Systems that derive wave fields of seismic energy within a seismic volume of interest from seismic data recorded at or near the surface of the seismic volume of interest are known. These systems implement various techniques for deriving the seismic wave fields.
For example, some of these techniques implement ray-based principles that decompose wave fields recorded at or near the surface to extrapolate the seismic waves downward into the earth as rays. Some such techniques implement summation of a set of functions, such as Gaussian beams, to describe propagation of seismic energy as beams. While the use of beams to describe the waves propagating through the seismic volume of interest enhances ray-based processing, the accuracy of these techniques is still lacking for seismic volumes containing complex structures. The accuracy of ray-based analysis is especially degraded at lower frequencies, where wave propagation becomes less localized.

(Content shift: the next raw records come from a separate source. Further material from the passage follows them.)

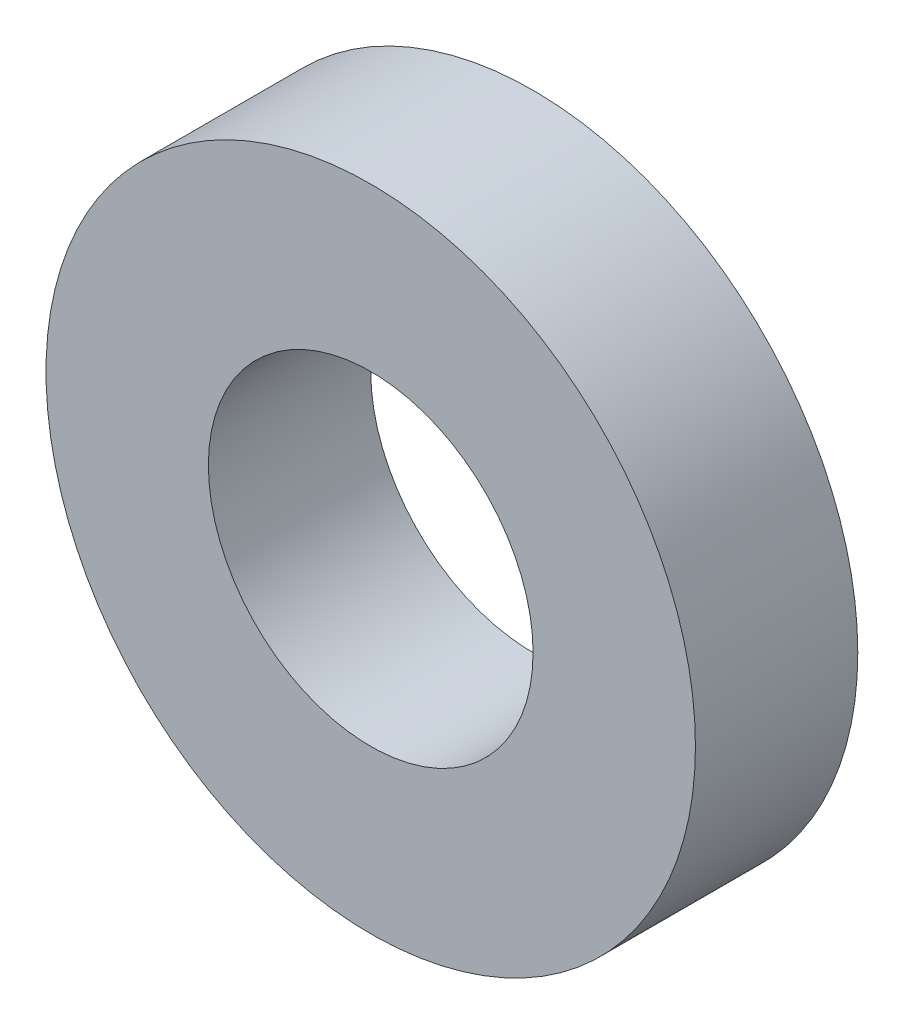
ISO-10303-21;
HEADER;
FILE_DESCRIPTION(('STEP AP214'),'2;1');
FILE_NAME('part.step','',(''),(''),'','','');
FILE_SCHEMA(('AUTOMOTIVE_DESIGN { 1 0 10303 214 1 1 1 1 }'));
ENDSEC;
DATA;
#1=APPLICATION_CONTEXT('core data for automotive mechanical design processes');
#2=APPLICATION_PROTOCOL_DEFINITION('international standard','automotive_design',2000,#1);
#3=PRODUCT_CONTEXT('',#1,'mechanical');
#4=PRODUCT('Part','Part','',(#3));
#5=PRODUCT_RELATED_PRODUCT_CATEGORY('part','',(#4));
#6=PRODUCT_DEFINITION_FORMATION('','',#4);
#7=PRODUCT_DEFINITION_CONTEXT('part definition',#1,'design');
#8=PRODUCT_DEFINITION('design','',#6,#7);
#9=PRODUCT_DEFINITION_SHAPE('','',#8);
#10=(LENGTH_UNIT() NAMED_UNIT(*) SI_UNIT(.MILLI.,.METRE.));
#11=(NAMED_UNIT(*) PLANE_ANGLE_UNIT() SI_UNIT($,.RADIAN.));
#12=(NAMED_UNIT(*) SI_UNIT($,.STERADIAN.) SOLID_ANGLE_UNIT());
#13=UNCERTAINTY_MEASURE_WITH_UNIT(LENGTH_MEASURE(1.E-05),#10,'distance_accuracy_value','');
#14=(GEOMETRIC_REPRESENTATION_CONTEXT(3) GLOBAL_UNCERTAINTY_ASSIGNED_CONTEXT((#13)) GLOBAL_UNIT_ASSIGNED_CONTEXT((#10,
#11,#12)) REPRESENTATION_CONTEXT('',''));
#15=CARTESIAN_POINT('',(0.,0.,0.));
#16=DIRECTION('',(0.,0.,1.));
#17=DIRECTION('',(1.,0.,0.));
#18=AXIS2_PLACEMENT_3D('',#15,#16,#17);
#19=CARTESIAN_POINT('',(0.,0.,0.));
#20=DIRECTION('',(0.,0.,1.));
#21=DIRECTION('',(1.,0.,0.));
#22=AXIS2_PLACEMENT_3D('',#19,#20,#21);
#23=CYLINDRICAL_SURFACE('',#22,0.5);
#24=CARTESIAN_POINT('',(0.,0.,0.));
#25=DIRECTION('',(0.,0.,1.));
#26=DIRECTION('',(1.,0.,0.));
#27=AXIS2_PLACEMENT_3D('',#24,#25,#26);
#28=CIRCLE('',#27,0.5);
#29=CARTESIAN_POINT('',(0.5,0.,0.));
#30=VERTEX_POINT('',#29);
#31=EDGE_CURVE('E45',#30,#30,#28,.T.);
#32=ORIENTED_EDGE('',*,*,#31,.T.);
#33=EDGE_LOOP('',(#32));
#34=FACE_BOUND('',#33,.T.);
#35=CARTESIAN_POINT('',(0.,0.,-0.5));
#36=DIRECTION('',(0.,0.,1.));
#37=DIRECTION('',(1.,0.,0.));
#38=AXIS2_PLACEMENT_3D('',#35,#36,#37);
#39=CIRCLE('',#38,0.5);
#40=CARTESIAN_POINT('',(0.5,0.,-0.5));
#41=VERTEX_POINT('',#40);
#42=EDGE_CURVE('E10',#41,#41,#39,.T.);
#43=ORIENTED_EDGE('',*,*,#42,.F.);
#44=EDGE_LOOP('',(#43));
#45=FACE_BOUND('',#44,.T.);
#46=ADVANCED_FACE('F31',(#34,#45),#23,.F.);
#47=CARTESIAN_POINT('',(0.5,0.,-0.5));
#48=DIRECTION('',(0.,0.,-1.));
#49=DIRECTION('',(-1.,0.,0.));
#50=AXIS2_PLACEMENT_3D('',#47,#48,#49);
#51=PLANE('',#50);
#52=ORIENTED_EDGE('',*,*,#42,.T.);
#53=EDGE_LOOP('',(#52));
#54=FACE_BOUND('',#53,.T.);
#55=CARTESIAN_POINT('',(0.,0.,-0.5));
#56=DIRECTION('',(0.,0.,1.));
#57=DIRECTION('',(1.,0.,0.));
#58=AXIS2_PLACEMENT_3D('',#55,#56,#57);
#59=CIRCLE('',#58,1.);
#60=CARTESIAN_POINT('',(1.,0.,-0.5));
#61=VERTEX_POINT('',#60);
#62=EDGE_CURVE('E37',#61,#61,#59,.T.);
#63=ORIENTED_EDGE('',*,*,#62,.F.);
#64=EDGE_LOOP('',(#63));
#65=FACE_BOUND('',#64,.T.);
#66=ADVANCED_FACE('F61',(#54,#65),#51,.T.);
#67=CARTESIAN_POINT('',(0.,0.,0.));
#68=DIRECTION('',(0.,0.,1.));
#69=DIRECTION('',(1.,0.,0.));
#70=AXIS2_PLACEMENT_3D('',#67,#68,#69);
#71=CYLINDRICAL_SURFACE('',#70,1.);
#72=ORIENTED_EDGE('',*,*,#62,.T.);
#73=EDGE_LOOP('',(#72));
#74=FACE_BOUND('',#73,.T.);
#75=CARTESIAN_POINT('',(0.,0.,0.));
#76=DIRECTION('',(0.,0.,1.));
#77=DIRECTION('',(1.,0.,0.));
#78=AXIS2_PLACEMENT_3D('',#75,#76,#77);
#79=CIRCLE('',#78,1.);
#80=CARTESIAN_POINT('',(1.,0.,0.));
#81=VERTEX_POINT('',#80);
#82=EDGE_CURVE('E41',#81,#81,#79,.T.);
#83=ORIENTED_EDGE('',*,*,#82,.F.);
#84=EDGE_LOOP('',(#83));
#85=FACE_BOUND('',#84,.T.);
#86=ADVANCED_FACE('F55',(#74,#85),#71,.T.);
#87=CARTESIAN_POINT('',(0.5,0.,0.));
#88=DIRECTION('',(0.,0.,1.));
#89=DIRECTION('',(1.,0.,0.));
#90=AXIS2_PLACEMENT_3D('',#87,#88,#89);
#91=PLANE('',#90);
#92=ORIENTED_EDGE('',*,*,#82,.T.);
#93=EDGE_LOOP('',(#92));
#94=FACE_BOUND('',#93,.T.);
#95=ORIENTED_EDGE('',*,*,#31,.F.);
#96=EDGE_LOOP('',(#95));
#97=FACE_BOUND('',#96,.T.);
#98=ADVANCED_FACE('F53',(#94,#97),#91,.T.);
#99=CLOSED_SHELL('',(#46,#66,#86,#98));
#100=MANIFOLD_SOLID_BREP('B2',#99);
#101=ADVANCED_BREP_SHAPE_REPRESENTATION('',(#18,#100),#14);
#102=SHAPE_DEFINITION_REPRESENTATION(#9,#101);
ENDSEC;
END-ISO-10303-21;

As another example, some techniques for deriving subsurface wave fields use finite-element methods to describe subsurface seismic wave fields. While the accuracy of these techniques is generally superior to ray-based analysis, particularly at lower frequencies and for complex structures, finite-element techniques tend to be resource intensive. For example, finite-element techniques tend to require extensive computing resources, such as processing and/or storage, and may require a significant amount of time. Moreover, ray-based methods support the conceptualization, analysis and interpretation of seismic energy propagation much more than purely numerical methods such as standard finite element and finite difference methods.